Friday, June 17, 2011

Food, friends and the Basilique Notre-Dame-du-Port

After some serious traveling in the past two weeks, we were ready for a weekend at home. A month or so ago we had gotten in touch with our friends in Chatenet and found this weekend to be mutually available for them to come visit us in Clermont-Ferrand to return the favor of wonderful hospitality we were shown on our visit at the end of January. I spent Friday awaiting their arrival while watching the streets being barricaded on the next block and cars being towed left and right, wondering if they were ever going to be able to find parking, or even our apartment!

All worrying was as usual for naught, as they arrived in the late afternoon in high spirits, and we immediately sat down to some important business; eating. This proved to be a recurring theme of the weekend, as meals are a focus of any Latvian gathering. The evening was spent enjoying a long dinner while watching the activities out on the street. The blockades turned out to be for a running festival, Courir Clermont, which qualifies runners for similar, national, race(s) later in the year. The Rue Blatin - Place de Jaude corner was the finish point for about 7 different categories of races. Max and Lauris got reacquainted over toys while the adults caught up on the events of the past months, and it was late before the last slices of peach pie were eaten and everybody headed to bed.


The next morning was a much anticipated morning by at least two people in the apartment, as we had brought back some salmon from Bergen and decided to wait until Saturday morning in order to share it with our guests. On freshly-baked croissants lathered with Philadelphia brand cream cheese (a very recent addition to store shelves in Clermont) the smoked fish was more delicious than the samples that prompted the purchase in Bergen had promised. We lingered over coffee until several naps later, and then headed out in the sunny Auvergne day.

Our first destination, Place de Jaude, had not yet regained its form after the dismantling of the Courir Clermont tents. The water fountains had not been turned back on and were definitely missed. The Opera is also being renovated, and one end of the Place is cluttered with construction pods and equipment. We didn’t stay long, but headed east past Marché St-Pierre, Musée du Ranquet with its beautiful spiral stone staircase and up Rue des Gras with Cathédrale Notre-Dame-de-l’Assomption standing guard at the end. We arrived during the French lunch, and so were not able to climb to the top of the tower to see the view of the city, but our guests indicated they would have time the next day and so we headed further to Basilique Notre-Dame-du-Port.

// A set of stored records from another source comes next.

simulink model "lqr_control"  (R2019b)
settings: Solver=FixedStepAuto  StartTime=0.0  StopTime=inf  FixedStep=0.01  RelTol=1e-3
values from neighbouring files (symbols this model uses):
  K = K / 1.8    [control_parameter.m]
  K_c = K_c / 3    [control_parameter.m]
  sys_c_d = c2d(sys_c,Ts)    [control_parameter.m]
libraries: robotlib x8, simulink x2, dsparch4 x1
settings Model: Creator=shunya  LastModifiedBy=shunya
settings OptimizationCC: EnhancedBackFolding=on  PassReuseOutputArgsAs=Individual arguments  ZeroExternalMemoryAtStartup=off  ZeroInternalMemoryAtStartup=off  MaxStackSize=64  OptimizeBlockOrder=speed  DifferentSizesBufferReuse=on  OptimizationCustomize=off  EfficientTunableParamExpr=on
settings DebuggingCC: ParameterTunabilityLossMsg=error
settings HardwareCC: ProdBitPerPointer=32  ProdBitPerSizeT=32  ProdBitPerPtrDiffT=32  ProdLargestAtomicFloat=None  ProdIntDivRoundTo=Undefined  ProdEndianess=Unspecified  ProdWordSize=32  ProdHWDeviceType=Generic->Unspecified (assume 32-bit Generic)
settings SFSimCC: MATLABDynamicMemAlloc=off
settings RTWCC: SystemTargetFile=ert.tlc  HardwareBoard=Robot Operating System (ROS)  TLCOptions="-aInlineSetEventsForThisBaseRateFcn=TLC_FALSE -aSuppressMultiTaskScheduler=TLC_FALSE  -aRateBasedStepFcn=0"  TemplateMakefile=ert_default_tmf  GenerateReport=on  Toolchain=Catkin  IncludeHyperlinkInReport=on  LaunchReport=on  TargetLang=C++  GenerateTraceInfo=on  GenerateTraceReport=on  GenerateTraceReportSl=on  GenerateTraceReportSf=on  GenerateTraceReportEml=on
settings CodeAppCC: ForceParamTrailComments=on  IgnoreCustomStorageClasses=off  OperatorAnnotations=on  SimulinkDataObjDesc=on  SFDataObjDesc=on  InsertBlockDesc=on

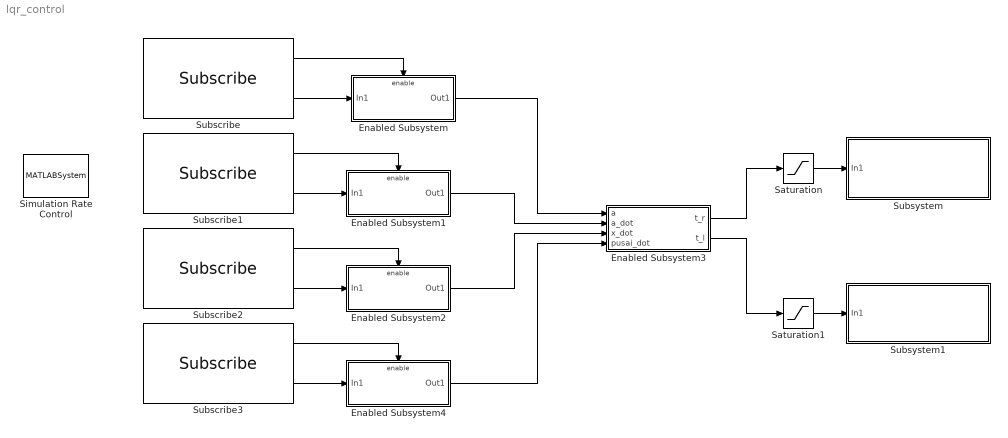
== system lqr_control ==
  Enabled Subsystem : Subsystem  TreatAsAtomicUnit=on
  Enabled Subsystem1 : Subsystem  TreatAsAtomicUnit=on
  Enabled Subsystem2 : Subsystem  TreatAsAtomicUnit=on
  Enabled Subsystem3 : Subsystem  TreatAsAtomicUnit=on
  Enabled Subsystem4 : Subsystem  TreatAsAtomicUnit=on
  Saturation : Saturate  UpperLimit=2  LowerLimit=-2
  Saturation1 : Saturate  UpperLimit=2  LowerLimit=-2
  Simulation Rate Control : MATLABSystem  System=ExampleHelperSimulationRateControl  SampleTime=0.01
      mask Type: ExampleHelperSimulationRateControl
      mask Display: disp('Rate Control');
  Subscribe : robotlib/Subscribe  topicSource=Specify your own  topic=/balance_state_angle  messageType=std_msgs/Float64  sampleTime=0.01  messageQueueLength=1
      settings: SourceProductName=ROS Toolbox
  Subscribe1 : robotlib/Subscribe  topicSource=Select from ROS network  topic=/balance_state_angular  messageType=std_msgs/Float64  sampleTime=0.01  messageQueueLength=1
      settings: SourceProductName=ROS Toolbox
  Subscribe2 : robotlib/Subscribe  topicSource=Select from ROS network  topic=/balance_state_velocity  messageType=std_msgs/Float64  sampleTime=0.01  messageQueueLength=1
      settings: SourceProductName=ROS Toolbox
  Subscribe3 : robotlib/Subscribe  topicSource=Select from ROS network  topic=/balance_state_pusai  messageType=std_msgs/Float64  sampleTime=0.01  messageQueueLength=1
      settings: SourceProductName=ROS Toolbox
  Subsystem : Subsystem
  Subsystem1 : Subsystem
  wires:
  Subscribe/2 -> Enabled Subsystem/1(In1)
  Subscribe/1 -> Enabled Subsystem/Enable
  Subscribe1/1 -> Enabled Subsystem1/Enable
  Subscribe1/2 -> Enabled Subsystem1/1(In1)
  Subscribe2/2 -> Enabled Subsystem2/1(In1)
  Subscribe2/1 -> Enabled Subsystem2/Enable
  Subscribe3/1 -> Enabled Subsystem4/Enable
  Subscribe3/2 -> Enabled Subsystem4/1(In1)
  Enabled Subsystem/1(Out1) -> Enabled Subsystem3/1(a)
  Enabled Subsystem1/1(Out1) -> Enabled Subsystem3/2(a_dot)
  Enabled Subsystem2/1(Out1) -> Enabled Subsystem3/3(x_dot)
  Enabled Subsystem4/1(Out1) -> Enabled Subsystem3/4(pusai_dot)
  Saturation/1 -> Subsystem/1(In1)
  Enabled Subsystem3/1(t_r) -> Saturation/1
  Saturation1/1 -> Subsystem1/1(In1)
  Enabled Subsystem3/2(t_l) -> Saturation1/1

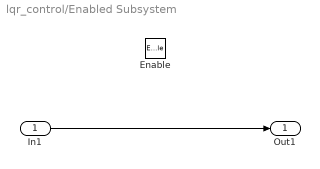
== system lqr_control/Enabled Subsystem ==
  In1 : Inport
  Enable : EnablePort
  Out1 : Outport
  wires:
  In1/1 -> Out1/1

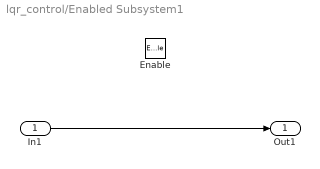
== system lqr_control/Enabled Subsystem1 ==
  In1 : Inport
  Enable : EnablePort
  Out1 : Outport
  wires:
  In1/1 -> Out1/1

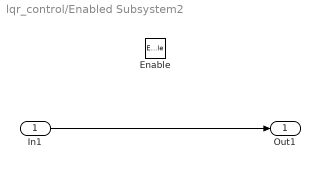
== system lqr_control/Enabled Subsystem2 ==
  In1 : Inport
  Enable : EnablePort
  Out1 : Outport
  wires:
  In1/1 -> Out1/1

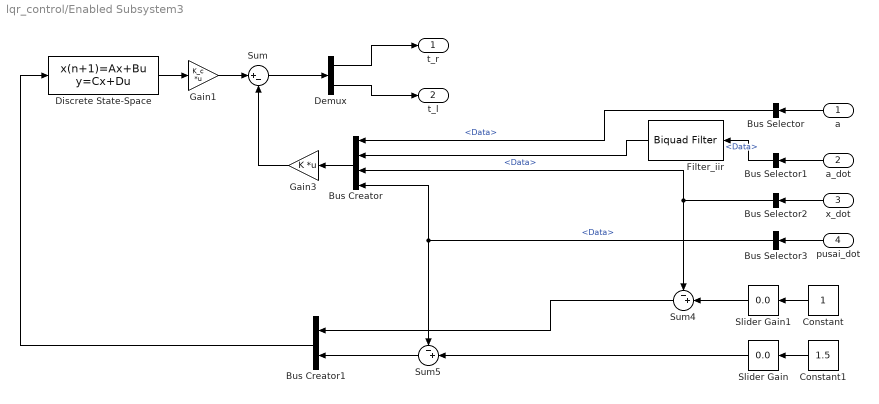
== system lqr_control/Enabled Subsystem3 ==
  a : Inport
  a_dot : Inport  Port=2
  x_dot : Inport  Port=3
  pusai_dot : Inport  Port=4
  Bus Creator : BusCreator  Inputs=4
  Bus Creator1 : BusCreator  Inputs=2
  Bus Selector{,1..3} (4 alike) : BusSelector  OutputSignals=Data
  Constant : Constant
  Constant1 : Constant  Value=1.5
  Demux : Demux  Outputs=2
  Discrete State-Space : DiscreteStateSpace  A=sys_c_d.A  B=sys_c_d.B  C=sys_c_d.C  D=sys_c_d.D  SampleTime=-1
  Filter_iir : dsparch4/Biquad Filter  Tag=BlockMethodSubSystem  FilterSource=Dialog parameters  CoeffSource=Specify via dialog  FilterObject=BQF  IIRFiltStruct=Direct form II  BiQuadCoeffs=[1 -1.39091039225363255 1 1 -1.74775050195611481 0.786332153473716988;1 -1.83447076363198858 1 1 -1.85416271752759898 0.950035013452580901]  ScaleValues=[0.542276961837810934;0.0602971640489207844;1]  IC=0  ICnum=0  ICden=0  a0Flag=Warning  optimizeScaleValues=on  ScaleValueMode=Specify via input port (g)  InputProcessing=Columns as channels (frame based)  roundingMode=Floor  overflowMode=off  scaleValueFracLength=14  denProdOutputFracLength=30  denAccumFracLength=30  secondMemoryFracLength=15
      settings: SourceProductName=DSP System Toolbox
  Gain1 : Gain  Gain=K_c  Multiplication=Matrix(K*u) (u vector)
  Gain3 : Gain  Gain=K  Multiplication=Matrix(K*u) (u vector)
  Slider Gain : simulink/Math Operations/Slider Gain  gain=0.0  low=-1  high=1
  Slider Gain1 : simulink/Math Operations/Slider Gain  gain=0.0  low=-1  high=1
  Sum : Sum  Inputs=|+-
  Sum4 : Sum  Inputs=-+|
  Sum5 : Sum  Inputs=-+|
  t_r : Outport
  t_l : Outport  Port=2
  wires:
  a/1 -> Bus Selector/1
  pusai_dot/1 -> Bus Selector3/1
  x_dot/1 -> Bus Selector2/1
  a_dot/1 -> Bus Selector1/1
  Bus Selector/1 -> Bus Creator/1  "<Data>"
  Bus Selector3/1 -> Bus Creator/4, Sum5/1  "<Data>"
  Bus Selector2/1 -> Bus Creator/3, Sum4/1  "<Data>"
  Bus Creator/1 -> Gain3/1
  Constant/1 -> Slider Gain1/1
  Constant1/1 -> Slider Gain/1
  Demux/1 -> t_r/1
  Demux/2 -> t_l/1
  Sum4/1 -> Bus Creator1/1
  Sum5/1 -> Bus Creator1/2
  Bus Creator1/1 -> Discrete State-Space/1
  Discrete State-Space/1 -> Gain1/1
  Gain3/1 -> Sum/2
  Sum/1 -> Demux/1
  Slider Gain/1 -> Sum5/2
  Slider Gain1/1 -> Sum4/2
  Gain1/1 -> Sum/1
  Bus Selector1/1 -> Filter_iir/1  "<Data>"
  Filter_iir/1 -> Bus Creator/2

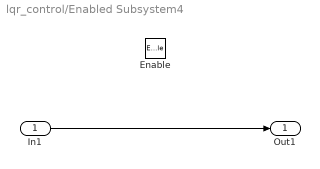
== system lqr_control/Enabled Subsystem4 ==
  In1 : Inport
  Enable : EnablePort
  Out1 : Outport
  wires:
  In1/1 -> Out1/1

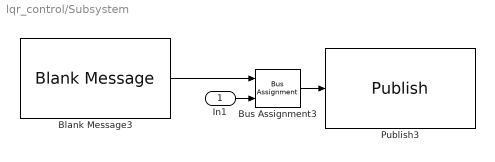
== system lqr_control/Subsystem ==
  In1 : Inport
  Blank Message3 : robotlib/Blank Message  messageClass=Message  entityType=std_msgs/Float64  messageType=std_msgs/Float64  SampleTime=-1
      settings: SourceProductName=ROS Toolbox
  Bus Assignment3 : BusAssignment  AssignedSignals=Data
  Publish3 : robotlib/Publish  topicSource=Select from ROS network  topic=/wheel_leg/right_wheel_effort_controller/command  messageType=std_msgs/Float64  messageQueueLength=5
      settings: SourceProductName=ROS Toolbox
  wires:
  Blank Message3/1 -> Bus Assignment3/1
  Bus Assignment3/1 -> Publish3/1
  In1/1 -> Bus Assignment3/2

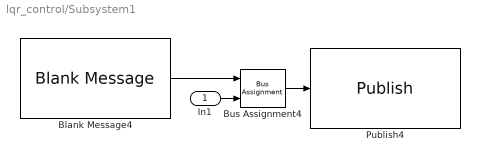
== system lqr_control/Subsystem1 ==
  In1 : Inport
  Blank Message4 : robotlib/Blank Message  messageClass=Message  entityType=std_msgs/Float64  messageType=std_msgs/Float64  SampleTime=-1
      settings: SourceProductName=ROS Toolbox
  Bus Assignment4 : BusAssignment  AssignedSignals=Data
  Publish4 : robotlib/Publish  topicSource=Select from ROS network  topic=/wheel_leg/left_wheel_effort_controller/command  messageType=std_msgs/Float64  messageQueueLength=5
      settings: SourceProductName=ROS Toolbox
  wires:
  Bus Assignment4/1 -> Publish4/1
  In1/1 -> Bus Assignment4/2
  Blank Message4/1 -> Bus Assignment4/1
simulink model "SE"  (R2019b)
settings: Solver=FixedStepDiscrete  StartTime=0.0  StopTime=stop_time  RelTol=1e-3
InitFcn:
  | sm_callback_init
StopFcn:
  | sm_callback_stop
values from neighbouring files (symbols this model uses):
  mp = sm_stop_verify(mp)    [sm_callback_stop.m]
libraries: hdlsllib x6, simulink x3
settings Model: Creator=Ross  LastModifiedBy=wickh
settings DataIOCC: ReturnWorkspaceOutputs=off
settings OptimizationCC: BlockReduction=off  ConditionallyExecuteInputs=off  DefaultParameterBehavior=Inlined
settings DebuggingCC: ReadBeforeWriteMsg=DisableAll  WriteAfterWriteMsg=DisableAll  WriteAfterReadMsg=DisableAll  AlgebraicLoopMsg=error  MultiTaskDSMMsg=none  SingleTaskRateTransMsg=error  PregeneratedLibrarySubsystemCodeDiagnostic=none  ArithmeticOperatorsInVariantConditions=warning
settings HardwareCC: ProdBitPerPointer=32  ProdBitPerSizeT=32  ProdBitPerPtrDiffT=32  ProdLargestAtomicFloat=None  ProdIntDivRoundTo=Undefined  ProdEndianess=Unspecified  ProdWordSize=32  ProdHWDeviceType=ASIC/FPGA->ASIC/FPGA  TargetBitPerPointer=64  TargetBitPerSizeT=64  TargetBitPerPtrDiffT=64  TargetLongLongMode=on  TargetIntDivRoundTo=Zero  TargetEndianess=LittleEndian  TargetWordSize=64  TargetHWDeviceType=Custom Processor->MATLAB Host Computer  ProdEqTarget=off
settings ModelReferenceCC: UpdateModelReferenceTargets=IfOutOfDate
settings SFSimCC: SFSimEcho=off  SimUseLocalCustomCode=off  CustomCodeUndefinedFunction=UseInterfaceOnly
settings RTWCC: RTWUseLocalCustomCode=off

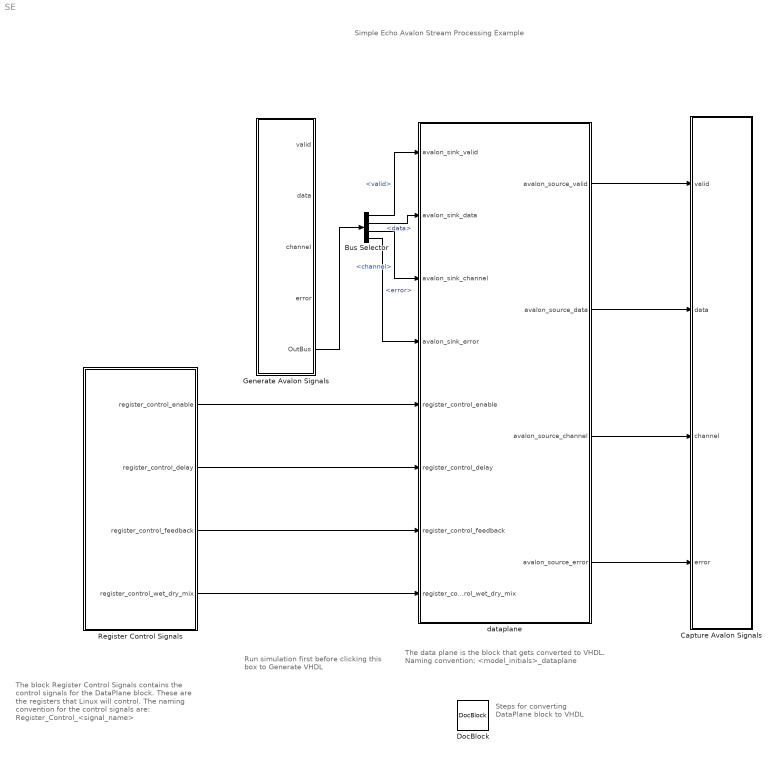
== system SE ==
  note: The data plane is the block that gets converted to VHDL. Naming convention: <model_initials>_dataplane
  note: Steps for converting
      | DataPlane block
      | to VHDL
  note: Simple Echo
      | Avalon Stream Processing Example
  note: Run simulation first
      | before clicking this box to
      | Generate VHDL
  note: The block Register Control Signals contains
      | the control signals for the DataPlane block.
      | These are the registers that Linux will control.
      | The naming convention for the control
      | signals are:  Register_Control_<signal_name>
  Bus Selector : BusSelector  OutputSignals=Avalon.valid,Avalon.data,Avalon.channel,Avalon.error
  Capture Avalon Signals : Subsystem
  DocBlock : simulink/Model-Wide Utilities/DocBlock  DocumentType=HTML
  Generate Avalon Signals : Subsystem
  Register Control Signals : Subsystem
  dataplane : Subsystem  TreatAsAtomicUnit=on
  wires:
  dataplane/2(avalon_source_data) -> Capture Avalon Signals/2(data)
  dataplane/1(avalon_source_valid) -> Capture Avalon Signals/1(valid)
  dataplane/3(avalon_source_channel) -> Capture Avalon Signals/3(channel)
  dataplane/4(avalon_source_error) -> Capture Avalon Signals/4(error)
  Register Control Signals/2(register_control_delay) -> dataplane/6(register_control_delay)
  Register Control Signals/1(register_control_enable) -> dataplane/5(register_control_enable)
  Register Control Signals/4(register_control_wet_dry_mix) -> dataplane/8(register_control_wet_dry_mix)
  Register Control Signals/3(register_control_feedback) -> dataplane/7(register_control_feedback)
  Generate Avalon Signals/5(OutBus) -> Bus Selector/1
  Bus Selector/1 -> dataplane/1(avalon_sink_valid)  "<valid>"
  Bus Selector/2 -> dataplane/2(avalon_sink_data)  "<data>"
  Bus Selector/3 -> dataplane/3(avalon_sink_channel)  "<channel>"
  Bus Selector/4 -> dataplane/4(avalon_sink_error)  "<error>"

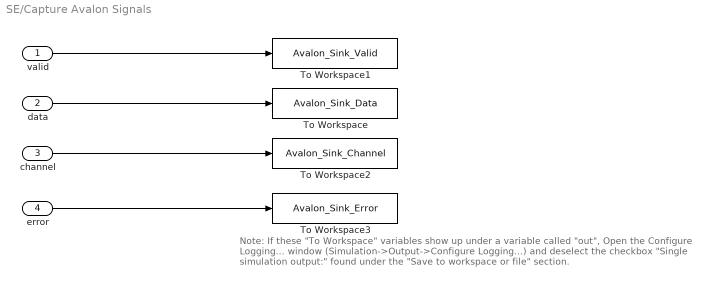
== system SE/Capture Avalon Signals ==
  note: Note:  If these "To Workspace" variables show up under a variable called "out",
      | Open the Configure Logging... window (Simulation->Output->Configure Logging...)
      | and deselect the checkbox "Single simulation output:" found under the "Save to workspace or file" section.
  valid : Inport
  data : Inport  Port=2
  channel : Inport  Port=3
  error : Inport  Port=4
  To Workspace : ToWorkspace  VariableName=Avalon_Sink_Data  SaveFormat=Timeseries  SampleTime=-1
  To Workspace1 : ToWorkspace  VariableName=Avalon_Sink_Valid  SaveFormat=Timeseries  SampleTime=-1
  To Workspace2 : ToWorkspace  VariableName=Avalon_Sink_Channel  SaveFormat=Timeseries  SampleTime=-1
  To Workspace3 : ToWorkspace  VariableName=Avalon_Sink_Error  SaveFormat=Timeseries  SampleTime=-1
  wires:
  data/1 -> To Workspace/1
  valid/1 -> To Workspace1/1
  error/1 -> To Workspace3/1
  channel/1 -> To Workspace2/1

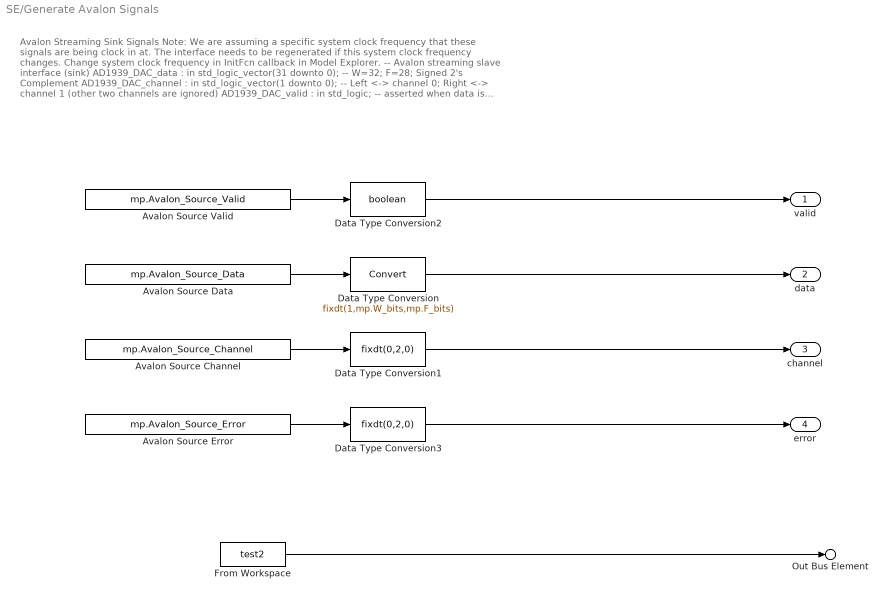
== system SE/Generate Avalon Signals ==
  note: Avalon Streaming Sink Signals
      | Note: We are assuming a specific system clock frequency that these signals are being clock in at.
      | The interface needs to be regenerated if this system clock frequency changes. Change system clock frequency in InitFcn callback in Model Explorer.
      |
      | -- Avalon streaming slave interface (sink)
      | AD1939_DAC_data : in std_logic_vector(31 downto 0); -- W=32; F=28; Signed 2's Complement
      | AD1939_DAC_channel : in std_logic_vector(1 downto 0); -- Left <-> channel 0; Right <-> channel 1 (other two channels are ignored)
      | AD1939_DAC_valid : in std_logic; -- asserted when data is valid
      | AD1939_DAC_error : in std_logic_vector(1 downto 0) -- error channel is ignored, assumed to be error free at this point
      |
      | For more information on the data-channel-valid protocol, s ee chapter 5 in Intel's Avalon Interfaced Specification (p. 40) at https://www.intel.com/content/dam/www/programmable/us/en/pdfs/literature/manual/mnl_avalon_spec.pdf
  Avalon Source Channel : FromWorkspace  VariableName=mp.Avalon_Source_Channel  OutDataTypeStr=double  SampleTime=mp.Ts_system
  "Avalon Source Data " : FromWorkspace  VariableName=mp.Avalon_Source_Data  OutDataTypeStr=double  SampleTime=mp.Ts_system
  Avalon Source Error : FromWorkspace  VariableName=mp.Avalon_Source_Error  OutDataTypeStr=double  SampleTime=mp.Ts_system
  Avalon Source Valid : FromWorkspace  VariableName=mp.Avalon_Source_Valid  OutDataTypeStr=double  SampleTime=mp.Ts_system
  Data Type Conversion : DataTypeConversion  OutDataTypeStr=fixdt(1,mp.W_bits,mp.F_bits)
  Data Type Conversion1 : DataTypeConversion  OutDataTypeStr=fixdt(0,2,0)
  Data Type Conversion2 : DataTypeConversion  OutDataTypeStr=boolean
  Data Type Conversion3 : DataTypeConversion  OutDataTypeStr=fixdt(0,2,0)
  From Workspace : FromWorkspace  VariableName=test2  OutDataTypeStr=Bus: AvalonBus  SampleTime=0
  valid : Outport  VectorParamsAs1DForOutWhenUnconnected=off
  data : Outport  Port=2  VectorParamsAs1DForOutWhenUnconnected=off
  channel : Outport  Port=3  VectorParamsAs1DForOutWhenUnconnected=off
  error : Outport  Port=4  VectorParamsAs1DForOutWhenUnconnected=off
  Out Bus Element : Outport  Port=5  PortName=OutBus  Element=Avalon
  wires:
  Data Type Conversion1/1 -> channel/1
  Data Type Conversion2/1 -> valid/1
  Avalon Source Error/1 -> Data Type Conversion3/1
  Data Type Conversion/1 -> data/1
  Avalon Source Valid/1 -> Data Type Conversion2/1
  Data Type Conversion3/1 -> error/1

Founded in the sixth century but burned down by Vikings, the present day structure was rebuilt in the 11th and 12th centuries. The edifice is now on UNESCO’s World Heritage List. With the mosaic of multicolored stonework on the outside and the raised chancel, the church is striking and I recommend a visit to both inhabitants and visitors of Clermont.

A detour through Place Delille before heading south to Jardin Lecoq. There the boys enjoyed a snack before energetically engaging the playground structures, and both were not quite done when it came time to leave. A stroll past the fountain and a glimpse of the swans in the pond perked them right back up. But the adults also needed a snack, so we headed home for lunch, refreshments, naps and games, not necessarily in that order. Lunch merged right on into dinner, and with charades and good times it was midnight – a late hour for parents of one year olds - before we even noticed.


Sunday brought the opportunity for our guests to see the interior of Cathédrale Notre-Dame-de-l’Assomption, but soon came au revoirs and their departure home. After an evening stroll to Place de Jaude we also turned in, and remarked how luckily Monday was a holiday; it would give us time to recuperate after a non-traveling, yet full weekend!